WHAT TO PRODUCE: Only one stretch of the data below should be repeated: the lines from the line containing "#181=DIRECTION('',(0.,0.,-1.));" through the line containing "#220=DIRECTION('',(1.,0.,0.));", inclusive, exactly as they are.

Dataset excerpts:
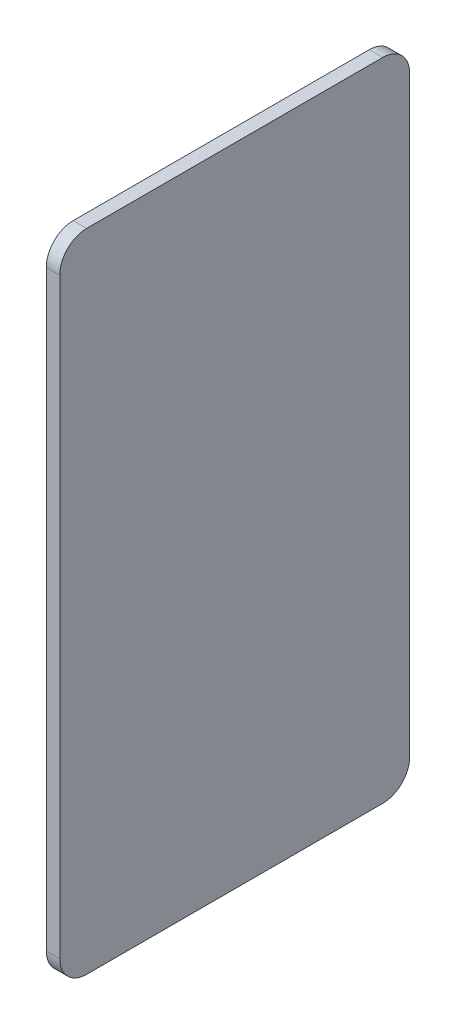
ISO-10303-21;
HEADER;
FILE_DESCRIPTION(('STEP AP214'),'2;1');
FILE_NAME('part.step','',(''),(''),'','','');
FILE_SCHEMA(('AUTOMOTIVE_DESIGN { 1 0 10303 214 1 1 1 1 }'));
ENDSEC;
DATA;
#1=APPLICATION_CONTEXT('core data for automotive mechanical design processes');
#2=APPLICATION_PROTOCOL_DEFINITION('international standard','automotive_design',2000,#1);
#3=PRODUCT_CONTEXT('',#1,'mechanical');
#4=PRODUCT('Part','Part','',(#3));
#5=PRODUCT_RELATED_PRODUCT_CATEGORY('part','',(#4));
#6=PRODUCT_DEFINITION_FORMATION('','',#4);
#7=PRODUCT_DEFINITION_CONTEXT('part definition',#1,'design');
#8=PRODUCT_DEFINITION('design','',#6,#7);
#9=PRODUCT_DEFINITION_SHAPE('','',#8);
#10=(LENGTH_UNIT() NAMED_UNIT(*) SI_UNIT(.MILLI.,.METRE.));
#11=(NAMED_UNIT(*) PLANE_ANGLE_UNIT() SI_UNIT($,.RADIAN.));
#12=(NAMED_UNIT(*) SI_UNIT($,.STERADIAN.) SOLID_ANGLE_UNIT());
#13=UNCERTAINTY_MEASURE_WITH_UNIT(LENGTH_MEASURE(1.E-05),#10,'distance_accuracy_value','');
#14=(GEOMETRIC_REPRESENTATION_CONTEXT(3) GLOBAL_UNCERTAINTY_ASSIGNED_CONTEXT((#13)) GLOBAL_UNIT_ASSIGNED_CONTEXT((#10,
#11,#12)) REPRESENTATION_CONTEXT('',''));
#15=CARTESIAN_POINT('',(0.,0.,0.));
#16=DIRECTION('',(0.,0.,1.));
#17=DIRECTION('',(1.,0.,0.));
#18=AXIS2_PLACEMENT_3D('',#15,#16,#17);
#19=CARTESIAN_POINT('',(153.517331672815,-131.228757923785,-152.73849967394));
#20=DIRECTION('',(0.,0.,-1.));
#21=DIRECTION('',(-1.,0.,0.));
#22=AXIS2_PLACEMENT_3D('',#19,#20,#21);
#23=PLANE('',#22);
#24=DIRECTION('',(0.,1.,0.));
#25=VECTOR('',#24,1.);
#26=CARTESIAN_POINT('',(158.517331672815,-131.228757923785,-152.73849967394));
#27=LINE('',#26,#25);
#28=CARTESIAN_POINT('',(158.517331672815,-121.228757923785,-152.73849967394));
#29=VERTEX_POINT('',#28);
#30=CARTESIAN_POINT('',(158.517331672815,98.7712420762154,-152.73849967394));
#31=VERTEX_POINT('',#30);
#32=EDGE_CURVE('E156',#29,#31,#27,.T.);
#33=ORIENTED_EDGE('',*,*,#32,.F.);
#34=DIRECTION('',(1.,0.,0.));
#35=VECTOR('',#34,1.);
#36=CARTESIAN_POINT('',(153.517331672815,-121.228757923785,-152.73849967394));
#37=LINE('',#36,#35);
#38=CARTESIAN_POINT('',(153.517331672815,-121.228757923785,-152.73849967394));
#39=VERTEX_POINT('',#38);
#40=EDGE_CURVE('E147',#29,#39,#37,.F.);
#41=ORIENTED_EDGE('',*,*,#40,.T.);
#42=DIRECTION('',(0.,1.,0.));
#43=VECTOR('',#42,1.);
#44=CARTESIAN_POINT('',(153.517331672815,-131.228757923785,-152.73849967394));
#45=LINE('',#44,#43);
#46=CARTESIAN_POINT('',(153.517331672815,98.7712420762154,-152.73849967394));
#47=VERTEX_POINT('',#46);
#48=EDGE_CURVE('E153',#39,#47,#45,.T.);
#49=ORIENTED_EDGE('',*,*,#48,.T.);
#50=DIRECTION('',(1.,0.,0.));
#51=VECTOR('',#50,1.);
#52=CARTESIAN_POINT('',(153.517331672815,98.7712420762154,-152.73849967394));
#53=LINE('',#52,#51);
#54=EDGE_CURVE('E144',#47,#31,#53,.T.);
#55=ORIENTED_EDGE('',*,*,#54,.T.);
#56=EDGE_LOOP('',(#33,#41,#49,#55));
#57=FACE_BOUND('',#56,.T.);
#58=ADVANCED_FACE('F33',(#57),#23,.T.);
#59=CARTESIAN_POINT('',(153.517331672815,-131.228757923785,-152.73849967394));
#60=DIRECTION('',(0.,-1.,0.));
#61=DIRECTION('',(0.,0.,-1.));
#62=AXIS2_PLACEMENT_3D('',#59,#60,#61);
#63=PLANE('',#62);
#64=DIRECTION('',(0.,0.,-1.));
#65=VECTOR('',#64,1.);
#66=CARTESIAN_POINT('',(158.517331672815,-131.228757923785,-152.73849967394));
#67=LINE('',#66,#65);
#68=CARTESIAN_POINT('',(158.517331672815,-131.228757923785,-32.7384996739401));
#69=VERTEX_POINT('',#68);
#70=CARTESIAN_POINT('',(158.517331672815,-131.228757923785,-142.73849967394));
#71=VERTEX_POINT('',#70);
#72=EDGE_CURVE('E117',#69,#71,#67,.T.);
#73=ORIENTED_EDGE('',*,*,#72,.F.);
#74=DIRECTION('',(1.,0.,0.));
#75=VECTOR('',#74,1.);
#76=CARTESIAN_POINT('',(153.517331672815,-131.228757923785,-32.7384996739401));
#77=LINE('',#76,#75);
#78=CARTESIAN_POINT('',(153.517331672815,-131.228757923785,-32.7384996739401));
#79=VERTEX_POINT('',#78);
#80=EDGE_CURVE('E135',#69,#79,#77,.F.);
#81=ORIENTED_EDGE('',*,*,#80,.T.);
#82=DIRECTION('',(0.,0.,-1.));
#83=VECTOR('',#82,1.);
#84=CARTESIAN_POINT('',(153.517331672815,-131.228757923785,-152.73849967394));
#85=LINE('',#84,#83);
#86=CARTESIAN_POINT('',(153.517331672815,-131.228757923785,-142.73849967394));
#87=VERTEX_POINT('',#86);
#88=EDGE_CURVE('E120',#79,#87,#85,.T.);
#89=ORIENTED_EDGE('',*,*,#88,.T.);
#90=DIRECTION('',(1.,0.,0.));
#91=VECTOR('',#90,1.);
#92=CARTESIAN_POINT('',(153.517331672815,-131.228757923785,-142.73849967394));
#93=LINE('',#92,#91);
#94=EDGE_CURVE('E132',#87,#71,#93,.T.);
#95=ORIENTED_EDGE('',*,*,#94,.T.);
#96=EDGE_LOOP('',(#73,#81,#89,#95));
#97=FACE_BOUND('',#96,.T.);
#98=ADVANCED_FACE('F169',(#97),#63,.T.);
#99=CARTESIAN_POINT('',(153.517331672815,-131.228757923785,-22.7384996739401));
#100=DIRECTION('',(0.,0.,1.));
#101=DIRECTION('',(1.,0.,0.));
#102=AXIS2_PLACEMENT_3D('',#99,#100,#101);
#103=PLANE('',#102);
#104=DIRECTION('',(0.,-1.,0.));
#105=VECTOR('',#104,1.);
#106=CARTESIAN_POINT('',(153.517331672815,-131.228757923785,-22.7384996739401));
#107=LINE('',#106,#105);
#108=CARTESIAN_POINT('',(153.517331672815,98.7712420762154,-22.7384996739401));
#109=VERTEX_POINT('',#108);
#110=CARTESIAN_POINT('',(153.517331672815,-121.228757923785,-22.7384996739401));
#111=VERTEX_POINT('',#110);
#112=EDGE_CURVE('E124',#109,#111,#107,.T.);
#113=ORIENTED_EDGE('',*,*,#112,.T.);
#114=DIRECTION('',(1.,0.,0.));
#115=VECTOR('',#114,1.);
#116=CARTESIAN_POINT('',(153.517331672815,-121.228757923785,-22.7384996739401));
#117=LINE('',#116,#115);
#118=CARTESIAN_POINT('',(158.517331672815,-121.228757923785,-22.7384996739401));
#119=VERTEX_POINT('',#118);
#120=EDGE_CURVE('E116',#111,#119,#117,.T.);
#121=ORIENTED_EDGE('',*,*,#120,.T.);
#122=DIRECTION('',(0.,-1.,0.));
#123=VECTOR('',#122,1.);
#124=CARTESIAN_POINT('',(158.517331672815,-131.228757923785,-22.7384996739401));
#125=LINE('',#124,#123);
#126=CARTESIAN_POINT('',(158.517331672815,98.7712420762154,-22.7384996739401));
#127=VERTEX_POINT('',#126);
#128=EDGE_CURVE('E102',#127,#119,#125,.T.);
#129=ORIENTED_EDGE('',*,*,#128,.F.);
#130=DIRECTION('',(1.,0.,0.));
#131=VECTOR('',#130,1.);
#132=CARTESIAN_POINT('',(153.517331672815,98.7712420762154,-22.7384996739401));
#133=LINE('',#132,#131);
#134=EDGE_CURVE('E114',#127,#109,#133,.F.);
#135=ORIENTED_EDGE('',*,*,#134,.T.);
#136=EDGE_LOOP('',(#113,#121,#129,#135));
#137=FACE_BOUND('',#136,.T.);
#138=ADVANCED_FACE('F113',(#137),#103,.T.);
#139=CARTESIAN_POINT('',(153.517331672815,108.771242076215,-152.73849967394));
#140=DIRECTION('',(0.,1.,0.));
#141=DIRECTION('',(0.,0.,1.));
#142=AXIS2_PLACEMENT_3D('',#139,#140,#141);
#143=PLANE('',#142);
#144=DIRECTION('',(0.,0.,1.));
#145=VECTOR('',#144,1.);
#146=CARTESIAN_POINT('',(153.517331672815,108.771242076215,-152.73849967394));
#147=LINE('',#146,#145);
#148=CARTESIAN_POINT('',(153.517331672815,108.771242076215,-142.73849967394));
#149=VERTEX_POINT('',#148);
#150=CARTESIAN_POINT('',(153.517331672815,108.771242076215,-32.7384996739401));
#151=VERTEX_POINT('',#150);
#152=EDGE_CURVE('E162',#149,#151,#147,.T.);
#153=ORIENTED_EDGE('',*,*,#152,.T.);
#154=DIRECTION('',(1.,0.,0.));
#155=VECTOR('',#154,1.);
#156=CARTESIAN_POINT('',(153.517331672815,108.771242076215,-32.7384996739401));
#157=LINE('',#156,#155);
#158=CARTESIAN_POINT('',(158.517331672815,108.771242076215,-32.7384996739401));
#159=VERTEX_POINT('',#158);
#160=EDGE_CURVE('E11',#151,#159,#157,.T.);
#161=ORIENTED_EDGE('',*,*,#160,.T.);
#162=DIRECTION('',(0.,0.,1.));
#163=VECTOR('',#162,1.);
#164=CARTESIAN_POINT('',(158.517331672815,108.771242076215,-152.73849967394));
#165=LINE('',#164,#163);
#166=CARTESIAN_POINT('',(158.517331672815,108.771242076215,-142.73849967394));
#167=VERTEX_POINT('',#166);
#168=EDGE_CURVE('E103',#167,#159,#165,.T.);
#169=ORIENTED_EDGE('',*,*,#168,.F.);
#170=DIRECTION('',(1.,0.,0.));
#171=VECTOR('',#170,1.);
#172=CARTESIAN_POINT('',(153.517331672815,108.771242076215,-142.73849967394));
#173=LINE('',#172,#171);
#174=EDGE_CURVE('E41',#167,#149,#173,.F.);
#175=ORIENTED_EDGE('',*,*,#174,.T.);
#176=EDGE_LOOP('',(#153,#161,#169,#175));
#177=FACE_BOUND('',#176,.T.);
#178=ADVANCED_FACE('F179',(#177),#143,.T.);
#179=CARTESIAN_POINT('',(153.517331672815,0.,0.));
#180=DIRECTION('',(1.,0.,0.));
#181=DIRECTION('',(0.,0.,-1.));
#182=AXIS2_PLACEMENT_3D('',#179,#180,#181);
#183=PLANE('',#182);
#184=ORIENTED_EDGE('',*,*,#88,.F.);
#185=CARTESIAN_POINT('',(153.517331672815,-121.228757923785,-32.7384996739401));
#186=DIRECTION('',(1.,0.,0.));
#187=DIRECTION('',(0.,0.,-1.));
#188=AXIS2_PLACEMENT_3D('',#185,#186,#187);
#189=CIRCLE('',#188,10.);
#190=EDGE_CURVE('E142',#79,#111,#189,.F.);
#191=ORIENTED_EDGE('',*,*,#190,.T.);
#192=ORIENTED_EDGE('',*,*,#112,.F.);
#193=CARTESIAN_POINT('',(153.517331672815,98.7712420762154,-32.7384996739401));
#194=DIRECTION('',(1.,0.,0.));
#195=DIRECTION('',(0.,0.,-1.));
#196=AXIS2_PLACEMENT_3D('',#193,#194,#195);
#197=CIRCLE('',#196,10.);
#198=EDGE_CURVE('E48',#109,#151,#197,.F.);
#199=ORIENTED_EDGE('',*,*,#198,.T.);
#200=ORIENTED_EDGE('',*,*,#152,.F.);
#201=CARTESIAN_POINT('',(153.517331672815,98.7712420762154,-142.73849967394));
#202=DIRECTION('',(1.,0.,0.));
#203=DIRECTION('',(0.,0.,-1.));
#204=AXIS2_PLACEMENT_3D('',#201,#202,#203);
#205=CIRCLE('',#204,10.);
#206=EDGE_CURVE('E137',#149,#47,#205,.F.);
#207=ORIENTED_EDGE('',*,*,#206,.T.);
#208=ORIENTED_EDGE('',*,*,#48,.F.);
#209=CARTESIAN_POINT('',(153.517331672815,-121.228757923785,-142.73849967394));
#210=DIRECTION('',(1.,0.,0.));
#211=DIRECTION('',(0.,0.,-1.));
#212=AXIS2_PLACEMENT_3D('',#209,#210,#211);
#213=CIRCLE('',#212,10.);
#214=EDGE_CURVE('E140',#39,#87,#213,.F.);
#215=ORIENTED_EDGE('',*,*,#214,.T.);
#216=EDGE_LOOP('',(#184,#191,#192,#199,#200,#207,#208,#215));
#217=FACE_BOUND('',#216,.T.);
#218=ADVANCED_FACE('F160',(#217),#183,.F.);
#219=CARTESIAN_POINT('',(158.517331672815,0.,0.));
#220=DIRECTION('',(1.,0.,0.));
#221=DIRECTION('',(0.,0.,-1.));
#222=AXIS2_PLACEMENT_3D('',#219,#220,#221);
#223=PLANE('',#222);
#224=ORIENTED_EDGE('',*,*,#128,.T.);
#225=CARTESIAN_POINT('',(158.517331672815,-121.228757923785,-32.7384996739401));
#226=DIRECTION('',(1.,0.,0.));
#227=DIRECTION('',(0.,0.,-1.));
#228=AXIS2_PLACEMENT_3D('',#225,#226,#227);
#229=CIRCLE('',#228,10.);
#230=EDGE_CURVE('E130',#119,#69,#229,.T.);
#231=ORIENTED_EDGE('',*,*,#230,.T.);
#232=ORIENTED_EDGE('',*,*,#72,.T.);
#233=CARTESIAN_POINT('',(158.517331672815,-121.228757923785,-142.73849967394));
#234=DIRECTION('',(1.,0.,0.));
#235=DIRECTION('',(0.,0.,-1.));
#236=AXIS2_PLACEMENT_3D('',#233,#234,#235);
#237=CIRCLE('',#236,10.);
#238=EDGE_CURVE('E107',#71,#29,#237,.T.);
#239=ORIENTED_EDGE('',*,*,#238,.T.);
#240=ORIENTED_EDGE('',*,*,#32,.T.);
#241=CARTESIAN_POINT('',(158.517331672815,98.7712420762154,-142.73849967394));
#242=DIRECTION('',(1.,0.,0.));
#243=DIRECTION('',(0.,0.,-1.));
#244=AXIS2_PLACEMENT_3D('',#241,#242,#243);
#245=CIRCLE('',#244,10.);
#246=EDGE_CURVE('E108',#31,#167,#245,.T.);
#247=ORIENTED_EDGE('',*,*,#246,.T.);
#248=ORIENTED_EDGE('',*,*,#168,.T.);
#249=CARTESIAN_POINT('',(158.517331672815,98.7712420762154,-32.7384996739401));
#250=DIRECTION('',(1.,0.,0.));
#251=DIRECTION('',(0.,0.,-1.));
#252=AXIS2_PLACEMENT_3D('',#249,#250,#251);
#253=CIRCLE('',#252,10.);
#254=EDGE_CURVE('E99',#159,#127,#253,.T.);
#255=ORIENTED_EDGE('',*,*,#254,.T.);
#256=EDGE_LOOP('',(#224,#231,#232,#239,#240,#247,#248,#255));
#257=FACE_BOUND('',#256,.T.);
#258=ADVANCED_FACE('F101',(#257),#223,.T.);
#259=CARTESIAN_POINT('',(153.517331672815,-121.228757923785,-32.7384996739401));
#260=DIRECTION('',(1.,0.,0.));
#261=DIRECTION('',(0.,0.,-1.));
#262=AXIS2_PLACEMENT_3D('',#259,#260,#261);
#263=CYLINDRICAL_SURFACE('',#262,10.);
#264=ORIENTED_EDGE('',*,*,#190,.F.);
#265=ORIENTED_EDGE('',*,*,#80,.F.);
#266=ORIENTED_EDGE('',*,*,#230,.F.);
#267=ORIENTED_EDGE('',*,*,#120,.F.);
#268=EDGE_LOOP('',(#264,#265,#266,#267));
#269=FACE_BOUND('',#268,.T.);
#270=ADVANCED_FACE('F173',(#269),#263,.T.);
#271=CARTESIAN_POINT('',(153.517331672815,-121.228757923785,-142.73849967394));
#272=DIRECTION('',(1.,0.,0.));
#273=DIRECTION('',(0.,0.,-1.));
#274=AXIS2_PLACEMENT_3D('',#271,#272,#273);
#275=CYLINDRICAL_SURFACE('',#274,10.);
#276=ORIENTED_EDGE('',*,*,#214,.F.);
#277=ORIENTED_EDGE('',*,*,#40,.F.);
#278=ORIENTED_EDGE('',*,*,#238,.F.);
#279=ORIENTED_EDGE('',*,*,#94,.F.);
#280=EDGE_LOOP('',(#276,#277,#278,#279));
#281=FACE_BOUND('',#280,.T.);
#282=ADVANCED_FACE('F165',(#281),#275,.T.);
#283=CARTESIAN_POINT('',(153.517331672815,98.7712420762154,-32.7384996739401));
#284=DIRECTION('',(1.,0.,0.));
#285=DIRECTION('',(0.,0.,-1.));
#286=AXIS2_PLACEMENT_3D('',#283,#284,#285);
#287=CYLINDRICAL_SURFACE('',#286,10.);
#288=ORIENTED_EDGE('',*,*,#198,.F.);
#289=ORIENTED_EDGE('',*,*,#134,.F.);
#290=ORIENTED_EDGE('',*,*,#254,.F.);
#291=ORIENTED_EDGE('',*,*,#160,.F.);
#292=EDGE_LOOP('',(#288,#289,#290,#291));
#293=FACE_BOUND('',#292,.T.);
#294=ADVANCED_FACE('F119',(#293),#287,.T.);
#295=CARTESIAN_POINT('',(153.517331672815,98.7712420762154,-142.73849967394));
#296=DIRECTION('',(1.,0.,0.));
#297=DIRECTION('',(0.,0.,-1.));
#298=AXIS2_PLACEMENT_3D('',#295,#296,#297);
#299=CYLINDRICAL_SURFACE('',#298,10.);
#300=ORIENTED_EDGE('',*,*,#206,.F.);
#301=ORIENTED_EDGE('',*,*,#174,.F.);
#302=ORIENTED_EDGE('',*,*,#246,.F.);
#303=ORIENTED_EDGE('',*,*,#54,.F.);
#304=EDGE_LOOP('',(#300,#301,#302,#303));
#305=FACE_BOUND('',#304,.T.);
#306=ADVANCED_FACE('F35',(#305),#299,.T.);
#307=CLOSED_SHELL('',(#58,#98,#138,#178,#218,#258,#270,#282,#294,#306));
#308=MANIFOLD_SOLID_BREP('B2',#307);
#309=ADVANCED_BREP_SHAPE_REPRESENTATION('',(#18,#308),#14);
#310=SHAPE_DEFINITION_REPRESENTATION(#9,#309);
ENDSEC;
END-ISO-10303-21;

EXPECTED ANSWER:
#181=DIRECTION('',(0.,0.,-1.));
#182=AXIS2_PLACEMENT_3D('',#179,#180,#181);
#183=PLANE('',#182);
#184=ORIENTED_EDGE('',*,*,#88,.F.);
#185=CARTESIAN_POINT('',(153.517331672815,-121.228757923785,-32.7384996739401));
#186=DIRECTION('',(1.,0.,0.));
#187=DIRECTION('',(0.,0.,-1.));
#188=AXIS2_PLACEMENT_3D('',#185,#186,#187);
#189=CIRCLE('',#188,10.);
#190=EDGE_CURVE('E142',#79,#111,#189,.F.);
#191=ORIENTED_EDGE('',*,*,#190,.T.);
#192=ORIENTED_EDGE('',*,*,#112,.F.);
#193=CARTESIAN_POINT('',(153.517331672815,98.7712420762154,-32.7384996739401));
#194=DIRECTION('',(1.,0.,0.));
#195=DIRECTION('',(0.,0.,-1.));
#196=AXIS2_PLACEMENT_3D('',#193,#194,#195);
#197=CIRCLE('',#196,10.);
#198=EDGE_CURVE('E48',#109,#151,#197,.F.);
#199=ORIENTED_EDGE('',*,*,#198,.T.);
#200=ORIENTED_EDGE('',*,*,#152,.F.);
#201=CARTESIAN_POINT('',(153.517331672815,98.7712420762154,-142.73849967394));
#202=DIRECTION('',(1.,0.,0.));
#203=DIRECTION('',(0.,0.,-1.));
#204=AXIS2_PLACEMENT_3D('',#201,#202,#203);
#205=CIRCLE('',#204,10.);
#206=EDGE_CURVE('E137',#149,#47,#205,.F.);
#207=ORIENTED_EDGE('',*,*,#206,.T.);
#208=ORIENTED_EDGE('',*,*,#48,.F.);
#209=CARTESIAN_POINT('',(153.517331672815,-121.228757923785,-142.73849967394));
#210=DIRECTION('',(1.,0.,0.));
#211=DIRECTION('',(0.,0.,-1.));
#212=AXIS2_PLACEMENT_3D('',#209,#210,#211);
#213=CIRCLE('',#212,10.);
#214=EDGE_CURVE('E140',#39,#87,#213,.F.);
#215=ORIENTED_EDGE('',*,*,#214,.T.);
#216=EDGE_LOOP('',(#184,#191,#192,#199,#200,#207,#208,#215));
#217=FACE_BOUND('',#216,.T.);
#218=ADVANCED_FACE('F160',(#217),#183,.F.);
#219=CARTESIAN_POINT('',(158.517331672815,0.,0.));
#220=DIRECTION('',(1.,0.,0.));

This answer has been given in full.